Exercise>
Of the lines listed below, return exactly those that run from the line containing "N2.B5 (B04); also elsewhere on the board" through the line containing "(B1), U2.6 (B2)", both included.

Data for processing>
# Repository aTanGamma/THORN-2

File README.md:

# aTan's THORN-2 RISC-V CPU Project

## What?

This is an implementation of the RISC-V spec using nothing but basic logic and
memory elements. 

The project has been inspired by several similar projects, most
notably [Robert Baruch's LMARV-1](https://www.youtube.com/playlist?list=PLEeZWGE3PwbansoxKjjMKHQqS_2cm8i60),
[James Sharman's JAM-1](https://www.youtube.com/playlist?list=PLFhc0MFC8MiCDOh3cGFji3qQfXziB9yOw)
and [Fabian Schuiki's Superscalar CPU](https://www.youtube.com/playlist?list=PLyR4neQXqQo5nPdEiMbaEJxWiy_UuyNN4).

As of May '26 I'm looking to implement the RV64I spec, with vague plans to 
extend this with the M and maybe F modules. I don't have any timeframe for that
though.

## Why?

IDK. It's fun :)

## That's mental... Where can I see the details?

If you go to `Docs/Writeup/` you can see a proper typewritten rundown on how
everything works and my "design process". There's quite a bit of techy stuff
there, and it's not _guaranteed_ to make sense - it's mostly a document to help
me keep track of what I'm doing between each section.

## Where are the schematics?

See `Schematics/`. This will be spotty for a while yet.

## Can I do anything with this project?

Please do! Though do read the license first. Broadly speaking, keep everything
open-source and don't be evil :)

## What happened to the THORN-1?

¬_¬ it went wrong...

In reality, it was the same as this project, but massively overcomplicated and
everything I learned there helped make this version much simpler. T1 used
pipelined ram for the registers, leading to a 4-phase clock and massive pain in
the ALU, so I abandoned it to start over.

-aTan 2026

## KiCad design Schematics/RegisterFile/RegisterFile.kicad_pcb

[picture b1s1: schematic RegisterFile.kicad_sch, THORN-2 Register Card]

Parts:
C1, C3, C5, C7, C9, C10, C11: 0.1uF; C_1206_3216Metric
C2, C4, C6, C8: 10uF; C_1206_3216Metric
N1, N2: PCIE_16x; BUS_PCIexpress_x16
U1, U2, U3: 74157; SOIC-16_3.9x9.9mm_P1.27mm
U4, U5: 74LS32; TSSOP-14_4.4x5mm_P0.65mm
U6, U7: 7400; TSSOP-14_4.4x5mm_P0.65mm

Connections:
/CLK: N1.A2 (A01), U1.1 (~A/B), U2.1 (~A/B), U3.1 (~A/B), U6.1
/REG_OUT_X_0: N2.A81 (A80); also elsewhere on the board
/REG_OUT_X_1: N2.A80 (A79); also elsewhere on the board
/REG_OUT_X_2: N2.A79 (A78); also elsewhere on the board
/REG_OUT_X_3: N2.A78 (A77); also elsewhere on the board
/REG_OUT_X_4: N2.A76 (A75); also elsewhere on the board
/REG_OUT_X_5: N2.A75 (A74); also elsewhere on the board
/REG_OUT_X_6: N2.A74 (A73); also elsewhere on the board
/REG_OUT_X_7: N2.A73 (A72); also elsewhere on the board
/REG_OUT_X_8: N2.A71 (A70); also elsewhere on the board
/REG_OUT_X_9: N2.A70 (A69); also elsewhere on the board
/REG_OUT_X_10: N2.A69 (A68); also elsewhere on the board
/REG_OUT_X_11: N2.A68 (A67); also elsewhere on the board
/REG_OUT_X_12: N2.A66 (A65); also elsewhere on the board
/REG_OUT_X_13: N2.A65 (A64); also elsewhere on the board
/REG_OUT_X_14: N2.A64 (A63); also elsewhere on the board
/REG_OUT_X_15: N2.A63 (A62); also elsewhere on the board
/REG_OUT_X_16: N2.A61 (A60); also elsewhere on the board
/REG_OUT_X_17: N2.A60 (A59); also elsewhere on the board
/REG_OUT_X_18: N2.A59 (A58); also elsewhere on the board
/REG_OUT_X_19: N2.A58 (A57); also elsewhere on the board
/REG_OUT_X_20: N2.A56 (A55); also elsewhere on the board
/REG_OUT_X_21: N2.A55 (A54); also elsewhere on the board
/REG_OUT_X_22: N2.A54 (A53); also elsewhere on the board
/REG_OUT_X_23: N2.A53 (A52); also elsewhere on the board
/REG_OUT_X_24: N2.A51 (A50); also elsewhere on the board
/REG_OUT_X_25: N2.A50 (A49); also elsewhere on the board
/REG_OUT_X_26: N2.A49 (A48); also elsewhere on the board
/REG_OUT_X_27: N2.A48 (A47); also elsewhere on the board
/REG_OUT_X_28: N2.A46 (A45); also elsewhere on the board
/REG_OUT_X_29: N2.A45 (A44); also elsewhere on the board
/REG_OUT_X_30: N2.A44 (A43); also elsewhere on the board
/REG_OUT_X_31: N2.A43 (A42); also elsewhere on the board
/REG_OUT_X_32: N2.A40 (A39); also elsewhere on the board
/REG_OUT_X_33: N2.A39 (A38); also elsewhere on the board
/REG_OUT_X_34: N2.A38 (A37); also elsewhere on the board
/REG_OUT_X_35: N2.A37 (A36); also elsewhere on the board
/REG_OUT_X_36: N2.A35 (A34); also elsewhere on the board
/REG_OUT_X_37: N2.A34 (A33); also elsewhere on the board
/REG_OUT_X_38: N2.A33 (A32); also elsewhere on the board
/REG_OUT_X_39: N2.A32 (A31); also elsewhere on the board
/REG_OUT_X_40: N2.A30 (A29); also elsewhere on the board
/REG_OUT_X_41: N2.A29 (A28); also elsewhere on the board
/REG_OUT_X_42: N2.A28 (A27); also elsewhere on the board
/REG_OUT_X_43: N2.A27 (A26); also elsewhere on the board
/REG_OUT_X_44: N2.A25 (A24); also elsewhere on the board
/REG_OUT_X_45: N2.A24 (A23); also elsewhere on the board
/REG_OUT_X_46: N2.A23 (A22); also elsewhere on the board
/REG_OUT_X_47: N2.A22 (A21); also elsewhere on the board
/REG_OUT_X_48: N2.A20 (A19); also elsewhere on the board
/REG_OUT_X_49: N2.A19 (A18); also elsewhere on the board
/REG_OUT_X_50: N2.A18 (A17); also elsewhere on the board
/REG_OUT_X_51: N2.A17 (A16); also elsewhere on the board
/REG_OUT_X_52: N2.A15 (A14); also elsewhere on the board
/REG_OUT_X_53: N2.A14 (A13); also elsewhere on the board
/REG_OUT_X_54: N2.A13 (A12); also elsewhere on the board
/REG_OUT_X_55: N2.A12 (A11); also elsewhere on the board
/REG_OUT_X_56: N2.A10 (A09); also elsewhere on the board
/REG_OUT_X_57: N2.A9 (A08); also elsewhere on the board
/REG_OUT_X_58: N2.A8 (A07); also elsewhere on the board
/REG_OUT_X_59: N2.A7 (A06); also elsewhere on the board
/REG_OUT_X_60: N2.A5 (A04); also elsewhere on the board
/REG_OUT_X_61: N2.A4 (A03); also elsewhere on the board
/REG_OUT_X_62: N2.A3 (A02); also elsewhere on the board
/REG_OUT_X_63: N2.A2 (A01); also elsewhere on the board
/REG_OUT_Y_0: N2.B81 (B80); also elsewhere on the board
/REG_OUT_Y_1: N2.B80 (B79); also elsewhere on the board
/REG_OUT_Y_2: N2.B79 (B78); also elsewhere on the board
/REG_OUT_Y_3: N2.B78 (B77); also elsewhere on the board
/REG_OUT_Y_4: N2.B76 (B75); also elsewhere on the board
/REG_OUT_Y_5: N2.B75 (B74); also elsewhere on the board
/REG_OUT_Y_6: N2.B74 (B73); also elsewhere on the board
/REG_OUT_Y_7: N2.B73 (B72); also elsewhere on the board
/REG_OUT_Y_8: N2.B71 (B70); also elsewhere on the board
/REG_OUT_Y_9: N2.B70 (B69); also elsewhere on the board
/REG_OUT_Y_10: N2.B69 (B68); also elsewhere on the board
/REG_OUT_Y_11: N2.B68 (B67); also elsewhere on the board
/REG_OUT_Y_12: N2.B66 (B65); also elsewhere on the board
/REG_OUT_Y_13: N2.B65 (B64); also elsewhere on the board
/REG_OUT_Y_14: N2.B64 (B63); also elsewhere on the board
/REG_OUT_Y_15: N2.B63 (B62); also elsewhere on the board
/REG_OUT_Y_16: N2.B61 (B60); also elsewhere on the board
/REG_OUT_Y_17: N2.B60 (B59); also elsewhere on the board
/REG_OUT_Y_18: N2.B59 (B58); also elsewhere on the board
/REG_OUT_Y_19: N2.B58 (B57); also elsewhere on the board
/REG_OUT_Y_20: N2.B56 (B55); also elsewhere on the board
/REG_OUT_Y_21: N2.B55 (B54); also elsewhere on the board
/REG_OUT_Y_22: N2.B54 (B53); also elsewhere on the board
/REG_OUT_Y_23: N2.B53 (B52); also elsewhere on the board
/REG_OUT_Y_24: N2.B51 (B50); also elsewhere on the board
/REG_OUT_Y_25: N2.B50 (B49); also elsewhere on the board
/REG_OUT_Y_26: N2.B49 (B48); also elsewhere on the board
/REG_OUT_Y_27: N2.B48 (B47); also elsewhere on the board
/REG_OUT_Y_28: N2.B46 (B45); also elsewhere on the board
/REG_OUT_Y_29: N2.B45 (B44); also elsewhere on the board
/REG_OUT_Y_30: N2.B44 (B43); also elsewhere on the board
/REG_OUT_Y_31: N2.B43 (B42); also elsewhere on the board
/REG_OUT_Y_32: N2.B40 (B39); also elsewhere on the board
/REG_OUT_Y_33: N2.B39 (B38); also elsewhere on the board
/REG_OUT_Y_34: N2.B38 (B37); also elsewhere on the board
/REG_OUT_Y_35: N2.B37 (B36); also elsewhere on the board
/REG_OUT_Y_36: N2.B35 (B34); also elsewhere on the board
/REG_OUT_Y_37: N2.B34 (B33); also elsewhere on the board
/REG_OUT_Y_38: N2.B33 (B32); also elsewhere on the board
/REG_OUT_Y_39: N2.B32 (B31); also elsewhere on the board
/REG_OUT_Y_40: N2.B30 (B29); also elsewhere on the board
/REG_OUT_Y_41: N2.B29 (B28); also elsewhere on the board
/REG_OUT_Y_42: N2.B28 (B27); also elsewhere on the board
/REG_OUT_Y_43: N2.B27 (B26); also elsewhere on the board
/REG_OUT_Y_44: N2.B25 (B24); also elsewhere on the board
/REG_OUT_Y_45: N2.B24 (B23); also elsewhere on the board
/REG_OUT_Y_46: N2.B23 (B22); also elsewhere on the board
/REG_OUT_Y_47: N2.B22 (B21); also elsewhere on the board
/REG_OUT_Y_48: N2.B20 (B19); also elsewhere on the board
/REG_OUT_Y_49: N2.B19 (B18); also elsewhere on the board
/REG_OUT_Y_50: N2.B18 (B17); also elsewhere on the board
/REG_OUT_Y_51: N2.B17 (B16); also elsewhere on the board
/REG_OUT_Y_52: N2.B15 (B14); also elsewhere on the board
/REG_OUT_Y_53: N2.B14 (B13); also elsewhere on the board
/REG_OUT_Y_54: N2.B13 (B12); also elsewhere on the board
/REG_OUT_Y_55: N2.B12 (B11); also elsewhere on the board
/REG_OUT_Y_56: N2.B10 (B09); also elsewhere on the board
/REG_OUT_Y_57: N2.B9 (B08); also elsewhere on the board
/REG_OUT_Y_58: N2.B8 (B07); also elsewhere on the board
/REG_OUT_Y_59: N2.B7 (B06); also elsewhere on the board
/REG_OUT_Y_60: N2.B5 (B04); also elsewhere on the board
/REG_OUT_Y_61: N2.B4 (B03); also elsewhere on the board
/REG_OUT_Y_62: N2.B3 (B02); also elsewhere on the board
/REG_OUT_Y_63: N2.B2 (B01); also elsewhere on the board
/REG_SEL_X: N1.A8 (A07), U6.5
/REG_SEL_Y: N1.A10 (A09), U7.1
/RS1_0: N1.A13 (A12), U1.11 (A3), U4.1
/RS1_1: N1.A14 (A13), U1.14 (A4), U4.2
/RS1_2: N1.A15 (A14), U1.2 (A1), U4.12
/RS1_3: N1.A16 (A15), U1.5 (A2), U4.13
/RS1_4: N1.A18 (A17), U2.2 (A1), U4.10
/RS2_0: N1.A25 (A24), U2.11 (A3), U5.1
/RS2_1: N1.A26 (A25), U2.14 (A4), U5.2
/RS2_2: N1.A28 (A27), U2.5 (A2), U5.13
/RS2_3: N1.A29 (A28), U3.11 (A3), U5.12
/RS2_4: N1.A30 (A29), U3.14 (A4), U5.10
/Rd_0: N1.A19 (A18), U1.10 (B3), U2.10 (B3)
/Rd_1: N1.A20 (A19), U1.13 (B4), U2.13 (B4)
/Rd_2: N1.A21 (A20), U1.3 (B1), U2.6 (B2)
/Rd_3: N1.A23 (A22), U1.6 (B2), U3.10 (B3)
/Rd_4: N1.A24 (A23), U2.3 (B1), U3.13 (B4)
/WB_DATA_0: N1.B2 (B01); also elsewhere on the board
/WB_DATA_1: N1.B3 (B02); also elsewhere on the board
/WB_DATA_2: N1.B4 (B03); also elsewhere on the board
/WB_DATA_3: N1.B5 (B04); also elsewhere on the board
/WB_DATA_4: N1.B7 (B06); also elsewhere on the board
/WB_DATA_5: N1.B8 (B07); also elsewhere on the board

Result of this exercise>
/REG_OUT_Y_60: N2.B5 (B04); also elsewhere on the board
/REG_OUT_Y_61: N2.B4 (B03); also elsewhere on the board
/REG_OUT_Y_62: N2.B3 (B02); also elsewhere on the board
/REG_OUT_Y_63: N2.B2 (B01); also elsewhere on the board
/REG_SEL_X: N1.A8 (A07), U6.5
/REG_SEL_Y: N1.A10 (A09), U7.1
/RS1_0: N1.A13 (A12), U1.11 (A3), U4.1
/RS1_1: N1.A14 (A13), U1.14 (A4), U4.2
/RS1_2: N1.A15 (A14), U1.2 (A1), U4.12
/RS1_3: N1.A16 (A15), U1.5 (A2), U4.13
/RS1_4: N1.A18 (A17), U2.2 (A1), U4.10
/RS2_0: N1.A25 (A24), U2.11 (A3), U5.1
/RS2_1: N1.A26 (A25), U2.14 (A4), U5.2
/RS2_2: N1.A28 (A27), U2.5 (A2), U5.13
/RS2_3: N1.A29 (A28), U3.11 (A3), U5.12
/RS2_4: N1.A30 (A29), U3.14 (A4), U5.10
/Rd_0: N1.A19 (A18), U1.10 (B3), U2.10 (B3)
/Rd_1: N1.A20 (A19), U1.13 (B4), U2.13 (B4)
/Rd_2: N1.A21 (A20), U1.3 (B1), U2.6 (B2)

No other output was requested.